• _ACTION ITEM_
The answer must be a single number: how many lines of the records below contain "blocks".

>>

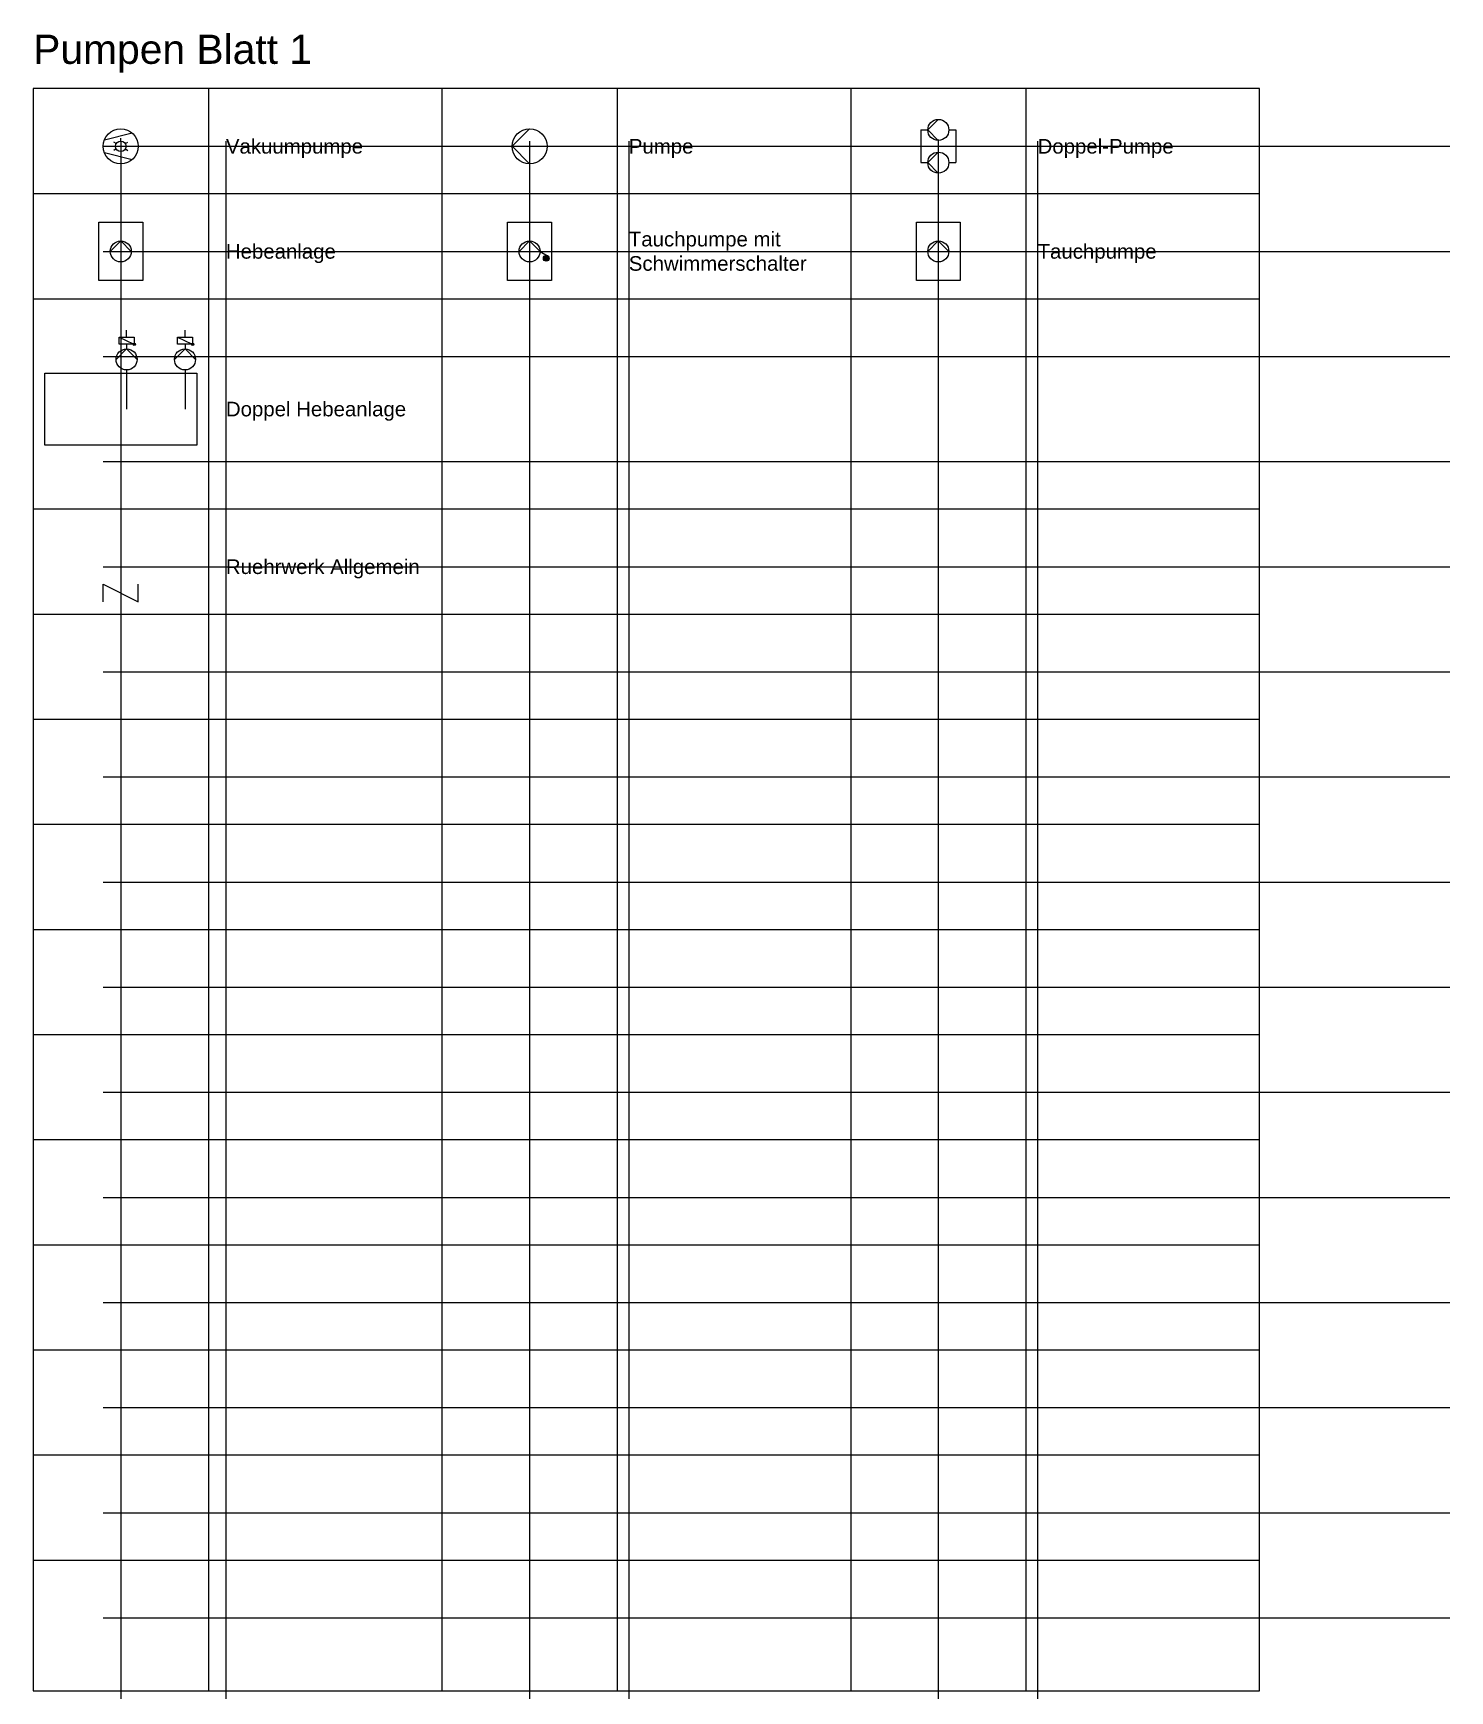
# Model space of a CAD drawing. Header units: millimetres. Extents: x 4981 to 17111, y -281 to 13913.
import ezdxf
from ezdxf.enums import TextEntityAlignment as Align

# ---------------------------------------------------------------- set-up
doc = ezdxf.new("R2010")
doc.units = ezdxf.units.MM
doc.layers.add('Z_Format', color=7, linetype='Continuous', plot=False)
doc.styles.get("Standard").update_dxf_attribs({"font": 'arial.ttf'})

# ---------------------------------------------------------------- blocks, each defined once
blk = doc.blocks.new('Pumpe')
for q in [(0, 150), (0, -150)]:
    blk.add_line((-150, 0), q)
blk.add_circle((0, 0), 150)
blk = doc.blocks.new('Tauchpumpe')
for p, q in [((0, 250), (0, 90)), ((0, 90), (-90, 0)), ((0, 90), (90, 0))]:
    blk.add_line(p, q)
blk.add_lwpolyline([(-187.5, 250), (187.5, 250), (187.5, -250), (-187.5, -250)], close=True)
blk.add_circle((0, 0), 90)
blk = doc.blocks.new('Ruehrwerk Allgemein')
blk.add_line((0, 0), (0, -450))
at = {"color": 7, "linetype": 'Continuous', "lineweight": -3}
for p, q in [((-149.999985, -524.999992), (-149.999985, -375.000008)), ((-149.999985, -375.000008), (149.999985, -524.999992)), ((149.999985, -524.999992), (149.999985, -375.000008))]:
    blk.add_line(p, q, dxfattribs=at)
blk = doc.blocks.new('Doppel-Pumpe')
for p, q in [((-90, 140), (0, 230)), ((-199.999985, 0), (-149.999985, 0)), ((-149.999985, 140), (-149.999985, -140)), ((-149.999985, 140), (-90, 140)), ((-90, 140), (0, 50)), ((90, 140), (149.999985, 140)), ((149.999985, 140), (149.999985, -140)), ((149.999985, 0), (199.999985, 0)), ((-149.999985, -140), (-90, -140)), ((-90, -140), (0, -50)), ((-90, -140), (0, -230)), ((90, -140), (149.999985, -140))]:
    blk.add_line(p, q)
for centre in [(0, 140), (0, -140)]:
    blk.add_circle(centre, 90)
blk = doc.blocks.new('Hebeanlage')
for p, q in [((0, 250), (0, 90)), ((0, 90), (-90, 0)), ((0, 90), (90, 0)), ((0, -90), (0, -199.999985))]:
    blk.add_line(p, q)
blk.add_lwpolyline([(-187.5, 250), (187.5, 250), (187.5, -250), (-187.5, -250)], close=True)
blk.add_circle((0, 0), 90)
blk = doc.blocks.new('Doppel Hebeanlage')
h = blk.add_hatch(color=256)
h.dxf.hatch_style = 1
edge = h.paths.add_edge_path()
edge.add_arc((115, 555), 10, 0, 360)
h = blk.add_hatch(color=256)
h.dxf.hatch_style = 1
edge = h.paths.add_edge_path()
edge.add_arc((615, 555), 10, 0, 360)
for p, q in [((-15, 615), (106, 559)), ((50, 615), (50, 675)), ((485, 615), (606, 559)), ((550, 615), (550, 675)), ((50, 515), (-40, 425)), ((50, 555), (50, 515)), ((50, 515), (140, 425)), ((550, 515), (460, 425)), ((550, 555), (550, 515)), ((550, 515), (640, 425)), ((50, 335), (50, 0)), ((550, 335), (550, 0))]:
    blk.add_line(p, q)
for points in [[(105, 555), (-15, 555), (-15, 615), (115, 615), (115, 565)], [(605, 555), (485, 555), (485, 615), (615, 615), (615, 565)]]:
    blk.add_lwpolyline(points)
blk.add_lwpolyline([(-650, 308), (650, 308), (650, -308), (-650, -308)], close=True)
for centre, radius in [((50, 425), 90), ((115, 555), 10), ((550, 425), 90), ((615, 555), 10)]:
    blk.add_circle(centre, radius)
blk = doc.blocks.new('*U7')
blk.add_line((0, -12.5), (0, 12.5))
blk = doc.blocks.new('*U8')
at = {"color": 0, "linetype": 'ByBlock', "lineweight": -2, "transparency": 16777216}
for p, rotation in [((1055, 1726), 59.99999999999999), ((1154, 1726), 300), ((1055, 1668), 120), ((1104, 1640), 180), ((1154, 1668), 240)]:
    blk.add_blockref('*U7', p, dxfattribs=dict(at, rotation=rotation))
blk.add_blockref('*U7', (1104, 1755), dxfattribs=at)
blk = doc.blocks.new('Vakuumpumpe')
for p, q in [((-140, 54), (98, 114)), ((-140, -54), (98, -114))]:
    blk.add_line(p, q)
for radius in [150, 45]:
    blk.add_circle((0, 0), radius)
blk.add_blockref('*U8', (-1104, -1697))
blk = doc.blocks.new('Tauchpumpe mit Schwimmerschalter')
h = blk.add_hatch(color=256)
h.dxf.hatch_style = 1
h.paths.add_polyline_path([(168, -59, 1), (118, -59, 1)])
for p, q in [((0, 250), (0, 90)), ((0, 90), (-90, 0)), ((0, 90), (90, 0)), ((0, -90), (0, -200)), ((90, 0), (155, -38))]:
    blk.add_line(p, q)
blk.add_lwpolyline([(-188, 250), (188, 250), (188, -250), (-188, -250)], close=True)
for centre, radius in [((0, 0), 90), ((143, -59), 25)]:
    blk.add_circle(centre, radius)

msp = doc.modelspace()

# ---------------------------------------------------------------- linework, layer by layer
for p, q in [((6481, 13439), (6481, -281)), ((9981, 13439), (9981, -281)), ((13481, 13439), (13481, -281))]:
    msp.add_line(p, q)
for points in [[(4981, 13439), (4981, -281), (15481, -281), (15481, 13439), (4981, 13439)], [(8481, 13439), (8481, -281)], [(11981, 13439), (11981, -281)], [(4981, 12539), (15481, 12539)], [(4981, 11639), (15481, 11639)], [(4981, 9839), (15481, 9839)], [(4981, 8939), (15481, 8939)], [(4981, 8039), (15481, 8039)], [(4981, 7139), (15481, 7139)], [(4981, 6239), (15481, 6239)], [(4981, 5339), (15481, 5339)], [(4981, 4439), (15481, 4439)], [(4981, 3539), (15481, 3539)], [(4981, 2639), (15481, 2639)], [(4981, 1739), (15481, 1739)], [(4981, 839), (15481, 839)]]:
    msp.add_lwpolyline(points)
at = {"layer": 'Z_Format', "color": 3}
for p, q in [((5581, 12944), (17111, 12944)), ((5581, 12044), (17111, 12044)), ((5581, 11144), (17111, 11144)), ((5581, 10244), (17111, 10244)), ((5581, 9344), (17111, 9344)), ((5581, 8444), (17111, 8444)), ((5581, 7544), (17111, 7544)), ((5581, 6644), (17111, 6644)), ((5581, 5744), (17111, 5744)), ((5581, 4844), (17111, 4844)), ((5581, 3944), (17111, 3944)), ((5581, 3044), (17111, 3044)), ((5581, 2144), (17111, 2144)), ((5581, 1244), (17111, 1244)), ((5581, 344), (17111, 344))]:
    msp.add_line(p, q, dxfattribs=at)
for p in [(5731, 12989), (9231, 12989), (12731, 13001)]:
    msp.add_ray(p, (0, -1), dxfattribs=at)
at = {"layer": 'Z_Format', "color": 1}
for p in [(6631, 12989), (10081, 12989), (13581, 12989)]:
    msp.add_ray(p, (0, -1), dxfattribs=at)

# ---------------------------------------------------------------- block references
for name, p in [('Vakuumpumpe', (5731, 12944)), ('Pumpe', (9231, 12944)), ('Doppel-Pumpe', (12731, 12944)), ('Hebeanlage', (5731, 12044)), ('Tauchpumpe mit Schwimmerschalter', (9231, 12044)), ('Tauchpumpe', (12731, 12044)), ('Doppel Hebeanlage', (5731, 10694)), ('Ruehrwerk Allgemein', (5731, 9569))]:
    msp.add_blockref(name, p)

# ---------------------------------------------------------------- texts
at = {"color": 7}
for s, p in [('Vakuumpumpe', (6631, 12944)), ('Pumpe', (10081, 12944)), ('Doppel-Pumpe', (13581, 12944)), ('Hebeanlage', (6631, 12044)), ('Tauchpumpe', (13581, 12044)), ('Doppel Hebeanlage', (6631, 10694)), ('Ruehrwerk Allgemein', (6631, 9344))]:
    msp.add_text(s, height=125, dxfattribs=at).set_placement(p, align=Align.MIDDLE_LEFT)
at = {"insert": (4981, 13737), "char_height": 250, "attachment_point": 4}
msp.add_mtext_dynamic_manual_height_columns('Pumpen Blatt 1', width=4100.87, gutter_width=12.5, heights=[0], dxfattribs=at)
at = {"color": 7, "insert": (10081, 12044), "char_height": 125, "width": 2874.91, "attachment_point": 4}
msp.add_mtext('Tauchpumpe mit \\PSchwimmerschalter', dxfattribs=at)

doc.saveas('drawing.dxf')

<<

• _RESULT FOR THIS EXERCISE_
11